# Nismo sentra body parts



## Blue2003SpecV (Dec 12, 2003)

http://www.b15sentra.net/nismose-r/nismose-r/index.htm 

I was thinking about getting the Nismo front lip , rear lip and spoiler. THen getting the nismo stickers and go all nismo performance parts for my 03 Spec V. But I don't like the body stuff for it.
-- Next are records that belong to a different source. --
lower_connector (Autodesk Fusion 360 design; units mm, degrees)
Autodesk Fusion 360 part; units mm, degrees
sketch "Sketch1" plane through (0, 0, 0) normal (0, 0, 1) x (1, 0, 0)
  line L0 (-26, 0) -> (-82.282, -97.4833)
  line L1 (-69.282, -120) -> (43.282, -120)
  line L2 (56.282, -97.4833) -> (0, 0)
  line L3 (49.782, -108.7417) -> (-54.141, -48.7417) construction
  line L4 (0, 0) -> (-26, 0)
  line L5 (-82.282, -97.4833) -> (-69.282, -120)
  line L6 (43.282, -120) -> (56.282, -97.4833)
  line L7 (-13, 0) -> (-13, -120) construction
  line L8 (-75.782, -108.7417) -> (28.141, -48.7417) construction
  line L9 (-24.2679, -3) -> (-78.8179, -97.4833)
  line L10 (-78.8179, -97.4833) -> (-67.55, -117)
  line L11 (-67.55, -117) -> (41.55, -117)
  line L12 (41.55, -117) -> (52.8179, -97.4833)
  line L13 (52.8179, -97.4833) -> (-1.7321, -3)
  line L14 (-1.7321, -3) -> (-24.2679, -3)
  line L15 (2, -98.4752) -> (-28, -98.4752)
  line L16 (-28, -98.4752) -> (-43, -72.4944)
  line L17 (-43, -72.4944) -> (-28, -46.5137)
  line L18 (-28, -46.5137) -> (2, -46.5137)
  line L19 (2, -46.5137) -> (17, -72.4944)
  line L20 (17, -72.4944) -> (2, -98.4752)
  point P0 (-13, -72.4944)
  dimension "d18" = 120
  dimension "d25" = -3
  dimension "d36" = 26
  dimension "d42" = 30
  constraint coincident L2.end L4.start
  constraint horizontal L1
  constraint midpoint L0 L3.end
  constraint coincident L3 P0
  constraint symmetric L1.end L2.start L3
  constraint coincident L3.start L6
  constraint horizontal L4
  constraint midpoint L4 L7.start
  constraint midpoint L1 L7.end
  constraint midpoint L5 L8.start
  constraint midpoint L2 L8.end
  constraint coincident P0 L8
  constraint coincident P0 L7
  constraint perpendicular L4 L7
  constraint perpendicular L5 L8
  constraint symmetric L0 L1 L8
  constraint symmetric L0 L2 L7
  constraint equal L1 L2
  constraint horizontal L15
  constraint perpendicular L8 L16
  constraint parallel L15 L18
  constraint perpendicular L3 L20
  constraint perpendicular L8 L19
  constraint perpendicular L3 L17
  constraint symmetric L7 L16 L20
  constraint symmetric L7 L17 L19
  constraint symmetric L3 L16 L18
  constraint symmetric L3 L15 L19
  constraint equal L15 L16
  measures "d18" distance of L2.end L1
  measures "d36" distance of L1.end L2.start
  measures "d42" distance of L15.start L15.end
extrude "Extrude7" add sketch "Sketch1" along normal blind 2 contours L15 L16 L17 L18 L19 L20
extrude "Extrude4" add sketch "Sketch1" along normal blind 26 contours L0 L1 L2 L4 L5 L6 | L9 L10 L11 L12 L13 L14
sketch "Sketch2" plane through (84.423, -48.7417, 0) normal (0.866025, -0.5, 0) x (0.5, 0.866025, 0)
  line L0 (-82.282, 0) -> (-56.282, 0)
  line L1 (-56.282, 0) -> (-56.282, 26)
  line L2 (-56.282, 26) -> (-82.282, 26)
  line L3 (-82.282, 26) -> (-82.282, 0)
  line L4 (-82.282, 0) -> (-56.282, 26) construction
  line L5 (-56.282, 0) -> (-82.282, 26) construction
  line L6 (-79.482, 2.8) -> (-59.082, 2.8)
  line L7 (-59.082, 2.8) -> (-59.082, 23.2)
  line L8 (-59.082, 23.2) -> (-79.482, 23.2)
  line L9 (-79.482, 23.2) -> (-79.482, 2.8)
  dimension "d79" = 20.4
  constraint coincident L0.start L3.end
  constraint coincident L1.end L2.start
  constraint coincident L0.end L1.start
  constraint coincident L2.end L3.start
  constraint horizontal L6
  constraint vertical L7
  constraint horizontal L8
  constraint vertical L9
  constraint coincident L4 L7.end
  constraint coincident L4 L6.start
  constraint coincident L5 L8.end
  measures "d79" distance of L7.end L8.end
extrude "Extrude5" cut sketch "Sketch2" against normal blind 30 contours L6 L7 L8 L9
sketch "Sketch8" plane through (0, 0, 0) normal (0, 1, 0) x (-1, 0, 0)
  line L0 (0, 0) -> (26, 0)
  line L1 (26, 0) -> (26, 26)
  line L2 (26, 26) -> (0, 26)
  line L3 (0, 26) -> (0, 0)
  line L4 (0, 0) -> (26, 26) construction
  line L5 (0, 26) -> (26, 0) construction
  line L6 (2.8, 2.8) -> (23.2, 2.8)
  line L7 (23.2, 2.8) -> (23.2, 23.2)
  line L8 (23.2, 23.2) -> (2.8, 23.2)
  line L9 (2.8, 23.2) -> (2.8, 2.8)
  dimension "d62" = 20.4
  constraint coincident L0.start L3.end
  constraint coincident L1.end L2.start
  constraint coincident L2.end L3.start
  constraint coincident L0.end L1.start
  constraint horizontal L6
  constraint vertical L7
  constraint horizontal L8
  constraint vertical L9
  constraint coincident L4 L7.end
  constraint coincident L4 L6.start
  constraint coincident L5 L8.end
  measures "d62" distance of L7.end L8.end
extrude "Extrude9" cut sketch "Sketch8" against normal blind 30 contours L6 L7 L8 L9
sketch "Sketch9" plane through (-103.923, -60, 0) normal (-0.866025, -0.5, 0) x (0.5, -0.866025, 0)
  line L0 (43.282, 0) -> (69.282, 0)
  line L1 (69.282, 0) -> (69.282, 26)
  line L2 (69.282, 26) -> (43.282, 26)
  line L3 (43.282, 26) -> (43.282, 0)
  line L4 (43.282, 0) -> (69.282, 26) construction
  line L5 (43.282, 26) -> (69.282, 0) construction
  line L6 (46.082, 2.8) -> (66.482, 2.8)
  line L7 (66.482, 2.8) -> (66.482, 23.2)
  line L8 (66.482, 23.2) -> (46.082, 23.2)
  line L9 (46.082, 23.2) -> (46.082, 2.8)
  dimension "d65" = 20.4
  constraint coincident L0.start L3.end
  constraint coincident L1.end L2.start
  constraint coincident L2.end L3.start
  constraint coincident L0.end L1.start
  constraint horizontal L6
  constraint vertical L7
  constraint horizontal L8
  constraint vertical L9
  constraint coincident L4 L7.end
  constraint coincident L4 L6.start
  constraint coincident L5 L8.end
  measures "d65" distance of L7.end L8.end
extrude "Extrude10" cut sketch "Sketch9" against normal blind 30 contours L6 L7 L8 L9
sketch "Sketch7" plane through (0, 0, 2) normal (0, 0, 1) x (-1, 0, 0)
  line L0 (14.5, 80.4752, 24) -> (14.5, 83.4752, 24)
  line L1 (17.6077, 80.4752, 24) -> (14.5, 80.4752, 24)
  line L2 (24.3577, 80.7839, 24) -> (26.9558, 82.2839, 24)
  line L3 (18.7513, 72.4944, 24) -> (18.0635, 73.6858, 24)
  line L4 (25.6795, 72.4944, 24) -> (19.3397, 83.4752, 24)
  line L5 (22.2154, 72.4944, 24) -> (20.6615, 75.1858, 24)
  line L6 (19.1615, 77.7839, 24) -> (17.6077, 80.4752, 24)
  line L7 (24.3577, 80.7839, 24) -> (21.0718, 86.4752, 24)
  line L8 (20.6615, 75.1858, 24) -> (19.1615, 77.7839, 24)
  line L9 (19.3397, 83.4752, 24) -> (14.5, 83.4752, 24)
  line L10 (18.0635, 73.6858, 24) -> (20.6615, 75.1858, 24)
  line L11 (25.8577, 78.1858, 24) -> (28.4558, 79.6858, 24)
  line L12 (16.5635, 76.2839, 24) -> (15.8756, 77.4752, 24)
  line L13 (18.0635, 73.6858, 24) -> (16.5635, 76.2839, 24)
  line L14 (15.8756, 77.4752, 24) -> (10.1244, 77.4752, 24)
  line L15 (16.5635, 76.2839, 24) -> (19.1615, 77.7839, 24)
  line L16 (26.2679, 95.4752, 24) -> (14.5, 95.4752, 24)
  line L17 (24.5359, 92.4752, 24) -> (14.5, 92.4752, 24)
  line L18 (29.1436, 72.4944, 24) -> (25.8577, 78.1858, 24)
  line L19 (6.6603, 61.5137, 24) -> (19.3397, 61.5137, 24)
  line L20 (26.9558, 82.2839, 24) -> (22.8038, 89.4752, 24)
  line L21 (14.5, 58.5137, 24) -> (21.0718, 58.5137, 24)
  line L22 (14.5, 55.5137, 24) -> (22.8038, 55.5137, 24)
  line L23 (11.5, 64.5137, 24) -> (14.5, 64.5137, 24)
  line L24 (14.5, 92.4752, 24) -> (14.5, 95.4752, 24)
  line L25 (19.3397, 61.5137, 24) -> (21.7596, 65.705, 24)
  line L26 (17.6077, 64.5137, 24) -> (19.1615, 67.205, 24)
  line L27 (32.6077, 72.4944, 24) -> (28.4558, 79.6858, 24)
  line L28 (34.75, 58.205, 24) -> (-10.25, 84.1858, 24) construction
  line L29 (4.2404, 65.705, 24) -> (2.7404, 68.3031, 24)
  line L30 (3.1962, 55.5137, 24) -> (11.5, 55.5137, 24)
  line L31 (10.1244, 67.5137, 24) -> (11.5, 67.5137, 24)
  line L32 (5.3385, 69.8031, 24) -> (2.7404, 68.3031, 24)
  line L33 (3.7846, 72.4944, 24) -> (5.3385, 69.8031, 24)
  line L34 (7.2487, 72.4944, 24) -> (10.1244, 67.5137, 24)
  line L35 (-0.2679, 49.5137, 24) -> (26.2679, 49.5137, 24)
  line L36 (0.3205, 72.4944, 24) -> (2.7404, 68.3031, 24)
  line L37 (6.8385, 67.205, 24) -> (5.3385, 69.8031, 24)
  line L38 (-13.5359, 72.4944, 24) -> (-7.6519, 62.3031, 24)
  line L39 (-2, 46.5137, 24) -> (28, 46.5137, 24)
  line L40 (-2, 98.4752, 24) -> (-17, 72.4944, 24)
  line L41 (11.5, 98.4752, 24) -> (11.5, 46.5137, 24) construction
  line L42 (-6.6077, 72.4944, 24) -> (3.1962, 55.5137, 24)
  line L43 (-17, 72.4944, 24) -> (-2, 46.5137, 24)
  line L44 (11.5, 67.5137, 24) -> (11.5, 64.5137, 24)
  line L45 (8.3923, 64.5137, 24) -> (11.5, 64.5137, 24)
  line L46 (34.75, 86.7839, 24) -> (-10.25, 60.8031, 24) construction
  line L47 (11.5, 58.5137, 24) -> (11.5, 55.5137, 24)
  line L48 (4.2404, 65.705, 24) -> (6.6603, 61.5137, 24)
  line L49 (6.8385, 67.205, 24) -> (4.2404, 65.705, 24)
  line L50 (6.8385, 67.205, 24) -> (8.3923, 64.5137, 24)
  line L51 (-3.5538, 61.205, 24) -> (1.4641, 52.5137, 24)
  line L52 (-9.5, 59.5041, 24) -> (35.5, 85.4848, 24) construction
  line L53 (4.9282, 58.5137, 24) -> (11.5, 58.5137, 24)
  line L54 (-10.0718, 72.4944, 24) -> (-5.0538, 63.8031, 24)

What do you guys think of it??


----------



## fast-ser (Dec 8, 2005)

*the lip*

where cn i get that front lip


----------



## xbrandonx (Mar 27, 2004)

fast-ser said:


> where cn i get that front lip


any dealership.

I like the SKZ lip kit better

www.liuspeedtuning.com

No need to go all nismo on the parts. sure there is nothign wrong with them, but most of the parts you can get are just as good, and save you some cash.


----------



## nizmo_raceing (Mar 22, 2006)

i think the nismo kit looks good on the sentra and also there not that much people that have it.


----------



## xbrandonx (Mar 27, 2004)

nizmo_raceing said:


> i think the nismo kit looks good on the sentra and also there not that much people that have it.


check out a coupple of the b15 boards, there are ALOT of people that have the nismo kit. Also I believe the nismo kit is for the 04+

Also this post is VERY VERY old.


----------